• **Instructions to follow**: No image is to be carried over; reproduce the rest of the listing word for word.

• **Excerpted data**:
•••••

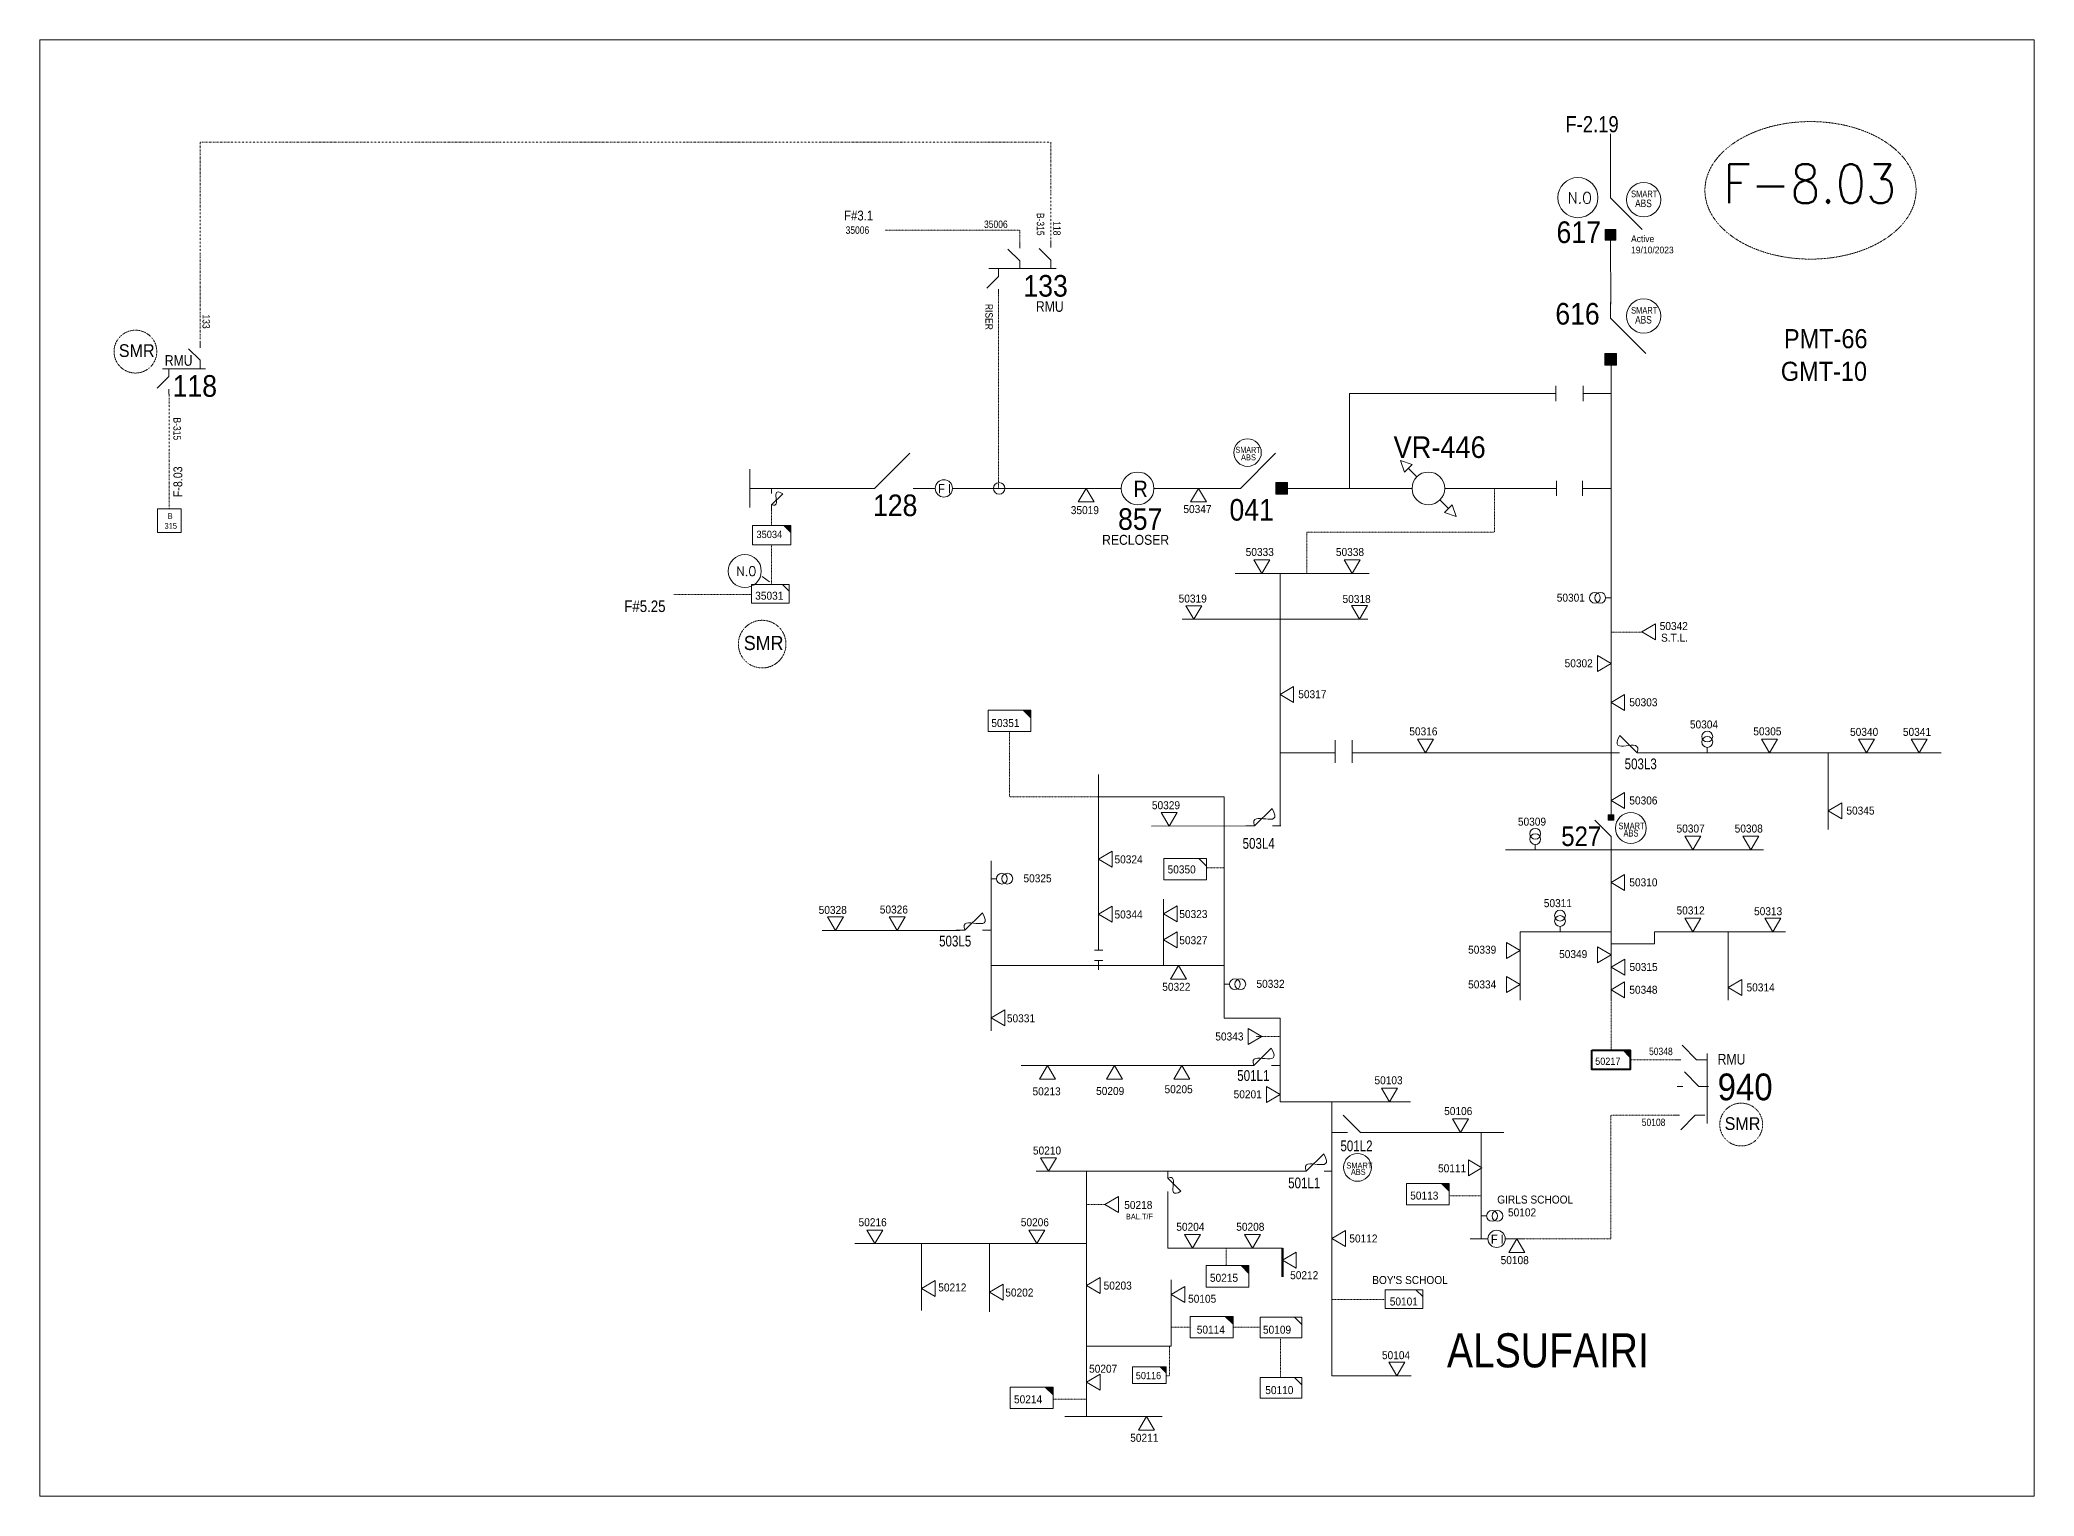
# Model space of a CAD drawing. Header units: metres. Extents: x 65984 to 144644, y -19036 to 23726.
# Drawn here: x 96171 to 97093, y 13435 to 14108 of the extents above; entities that cross this region are included whole.
import ezdxf
from ezdxf.enums import TextEntityAlignment as Align

# ---------------------------------------------------------------- set-up
doc = ezdxf.new("R2010")
doc.units = ezdxf.units.M
doc.header["$MEASUREMENT"] = 0
for name, pattern in [('DGN Style 2', [0.023128, 0, -0.023128]), ('DGN Style 3', [0.013877, 0, -0.013877]), ('DGN Style 4', [1.6, 0.8, -0.4, 0, -0.4])]:
    doc.linetypes.add(name, pattern=pattern)
doc.layers.get('0').update_dxf_attribs({"color": 95, "lineweight": 40})
for name, color, linetype, lineweight in [('ABS', 7, 'Continuous', 40), ('ABS NUMBER', 112, 'Continuous', 30), ('d_eos', 111, 'Continuous', 40), ('d_eos no', 121, 'Continuous', 40), ('d_fco', 5, 'Continuous', 40), ('d_fco text', 95, 'Continuous', 40), ('d_oh branch', 94, 'Continuous', 40), ('d_switch', 95, 'Continuous', 40), ('d_tf', 1, 'Continuous', 40), ('d_tf no', 6, 'Continuous', 40), ('d_tf_200', 1, 'Continuous', 40), ('d_ug cable', 95, 'Continuous', 40), ('EARTH FAULT INDICATOR', 95, 'Continuous', 40), ('FDR  1  05', 172, 'Continuous', 40), ('fedr no', 95, 'Continuous', 40), ('GRID STATION  04', 7, 'Continuous', 40), ('Level 37', 7, 'Continuous', 0), ('O H MAIN FEEDER', 4, 'Continuous', 100), ('REGULATOR', 5, 'Continuous', 40), ('SW N O', 114, 'Continuous', 30)]:
    doc.layers.add(name, color=color, linetype=linetype, lineweight=lineweight)
doc.styles.add('NASKHF', font='naskhf.shx', dxfattribs={"height": 8})
doc.styles.add('Style-Andalus', font='andlso.ttf')
doc.styles.add('Style-Arial', font='arial.ttf')
doc.styles.add('Style-ENGINEERING', font='ENGINEERING.shx')
doc.styles.add('Style-msdefault', font='msdefault.shx')
doc.styles.add('Style-STANDARD', font='STANDARD.shx')

# ---------------------------------------------------------------- blocks, each defined once
blk = doc.blocks.new('*U1113')
at = {"layer": 'EARTH FAULT INDICATOR', "color": 1, "linetype": 'Continuous', "lineweight": 13}
blk.add_circle((0.02, 0.13), 4, dxfattribs=at)
at = {"layer": 'EARTH FAULT INDICATOR', "color": 1, "lineweight": 13, "style": 'Style-Andalus', "width": 0.9}
blk.add_text('F I', height=4.234, dxfattribs=at).set_placement((-2.61, 2.11), align=Align.TOP_LEFT)
blk = doc.blocks.new('TF_8')
at = {"color": 0, "linetype": 'ByBlock', "lineweight": -2}
blk.add_line((6.3, 4.95), (9.9, 1.35), dxfattribs=at)
blk.add_3dface([(-10.1, 4.95), (9.9, 4.95), (9.9, -5.05), (-10.1, -5.05)], dxfattribs=at)
blk = doc.blocks.new('*U1012')
at = {"layer": 'd_fco', "color": 7, "linetype": 'Continuous', "lineweight": 13}
blk.add_line((-4.6, 4.2), (-10.1, 4.2), dxfattribs=at)
at = {"layer": 'd_fco', "color": 7, "linetype": 'Continuous', "lineweight": 13, "flags": 128}
blk.add_lwpolyline([(13, 4.2), (7.1, 4.2), (-4.4, -7.3)], dxfattribs=at)
at = {"layer": 'd_fco', "color": 7, "linetype": 'Continuous', "lineweight": 13}
blk.add_open_spline([(-4.4, -7.3), (-13, 7.7), (11.6, -7.7), (7.1, 4.2)], degree=3, dxfattribs=at)
blk = doc.blocks.new('*U1114')
at = {"layer": 'ABS', "color": 7, "linetype": 'Continuous', "lineweight": 13, "ltscale": 0.241656}
for p, q in [((-8.93, -8.16), (7.36, 8.13)), ((-8.93, -8.16), (-16.33, -8.16)), ((16.37, -8.16), (8.96, -8.16))]:
    blk.add_line(p, q, dxfattribs=at)
blk = doc.blocks.new('ABS2_1_1')
at = {"color": 0, "linetype": 'ByBlock', "lineweight": -2, "ltscale": 500}
for q in [(-29900, 43500), (0, 0)]:
    blk.add_line((0, 13600), q, dxfattribs=at)
at = {"color": 0, "linetype": 'ByBlock', "lineweight": -2, "ltscale": 500, "flags": 128}
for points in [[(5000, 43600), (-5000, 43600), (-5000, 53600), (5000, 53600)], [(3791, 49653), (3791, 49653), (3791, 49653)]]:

•••••

• **Finished exercise**:
# Model space of a CAD drawing. Header units: metres. Extents: x 65984 to 144644, y -19036 to 23726.
# Drawn here: x 96171 to 97093, y 13435 to 14108 of the extents above; entities that cross this region are included whole.
import ezdxf
from ezdxf.enums import TextEntityAlignment as Align

# ---------------------------------------------------------------- set-up
doc = ezdxf.new("R2010")
doc.units = ezdxf.units.M
doc.header["$MEASUREMENT"] = 0
for name, pattern in [('DGN Style 2', [0.023128, 0, -0.023128]), ('DGN Style 3', [0.013877, 0, -0.013877]), ('DGN Style 4', [1.6, 0.8, -0.4, 0, -0.4])]:
    doc.linetypes.add(name, pattern=pattern)
doc.layers.get('0').update_dxf_attribs({"color": 95, "lineweight": 40})
for name, color, linetype, lineweight in [('ABS', 7, 'Continuous', 40), ('ABS NUMBER', 112, 'Continuous', 30), ('d_eos', 111, 'Continuous', 40), ('d_eos no', 121, 'Continuous', 40), ('d_fco', 5, 'Continuous', 40), ('d_fco text', 95, 'Continuous', 40), ('d_oh branch', 94, 'Continuous', 40), ('d_switch', 95, 'Continuous', 40), ('d_tf', 1, 'Continuous', 40), ('d_tf no', 6, 'Continuous', 40), ('d_tf_200', 1, 'Continuous', 40), ('d_ug cable', 95, 'Continuous', 40), ('EARTH FAULT INDICATOR', 95, 'Continuous', 40), ('FDR  1  05', 172, 'Continuous', 40), ('fedr no', 95, 'Continuous', 40), ('GRID STATION  04', 7, 'Continuous', 40), ('Level 37', 7, 'Continuous', 0), ('O H MAIN FEEDER', 4, 'Continuous', 100), ('REGULATOR', 5, 'Continuous', 40), ('SW N O', 114, 'Continuous', 30)]:
    doc.layers.add(name, color=color, linetype=linetype, lineweight=lineweight)
doc.styles.add('NASKHF', font='naskhf.shx', dxfattribs={"height": 8})
doc.styles.add('Style-Andalus', font='andlso.ttf')
doc.styles.add('Style-Arial', font='arial.ttf')
doc.styles.add('Style-ENGINEERING', font='ENGINEERING.shx')
doc.styles.add('Style-msdefault', font='msdefault.shx')
doc.styles.add('Style-STANDARD', font='STANDARD.shx')

# ---------------------------------------------------------------- blocks, each defined once
blk = doc.blocks.new('*U1113')
at = {"layer": 'EARTH FAULT INDICATOR', "color": 1, "linetype": 'Continuous', "lineweight": 13}
blk.add_circle((0.02, 0.13), 4, dxfattribs=at)
at = {"layer": 'EARTH FAULT INDICATOR', "color": 1, "lineweight": 13, "style": 'Style-Andalus', "width": 0.9}
blk.add_text('F I', height=4.234, dxfattribs=at).set_placement((-2.61, 2.11), align=Align.TOP_LEFT)
blk = doc.blocks.new('TF_8')
at = {"color": 0, "linetype": 'ByBlock', "lineweight": -2}
blk.add_line((6.3, 4.95), (9.9, 1.35), dxfattribs=at)
blk.add_3dface([(-10.1, 4.95), (9.9, 4.95), (9.9, -5.05), (-10.1, -5.05)], dxfattribs=at)
blk = doc.blocks.new('*U1012')
at = {"layer": 'd_fco', "color": 7, "linetype": 'Continuous', "lineweight": 13}
blk.add_line((-4.6, 4.2), (-10.1, 4.2), dxfattribs=at)
at = {"layer": 'd_fco', "color": 7, "linetype": 'Continuous', "lineweight": 13, "flags": 128}
blk.add_lwpolyline([(13, 4.2), (7.1, 4.2), (-4.4, -7.3)], dxfattribs=at)
at = {"layer": 'd_fco', "color": 7, "linetype": 'Continuous', "lineweight": 13}
blk.add_open_spline([(-4.4, -7.3), (-13, 7.7), (11.6, -7.7), (7.1, 4.2)], degree=3, dxfattribs=at)
blk = doc.blocks.new('*U1114')
at = {"layer": 'ABS', "color": 7, "linetype": 'Continuous', "lineweight": 13, "ltscale": 0.241656}
for p, q in [((-8.93, -8.16), (7.36, 8.13)), ((-8.93, -8.16), (-16.33, -8.16)), ((16.37, -8.16), (8.96, -8.16))]:
    blk.add_line(p, q, dxfattribs=at)
blk = doc.blocks.new('ABS2_1_1')
at = {"color": 0, "linetype": 'ByBlock', "lineweight": -2, "ltscale": 500}
for q in [(-29900, 43500), (0, 0)]:
    blk.add_line((0, 13600), q, dxfattribs=at)
at = {"color": 0, "linetype": 'ByBlock', "lineweight": -2, "ltscale": 500, "flags": 128}
for points in [[(5000, 43600), (-5000, 43600), (-5000, 53600), (5000, 53600)], [(3791, 49653), (3791, 49653), (3791, 49653)]]:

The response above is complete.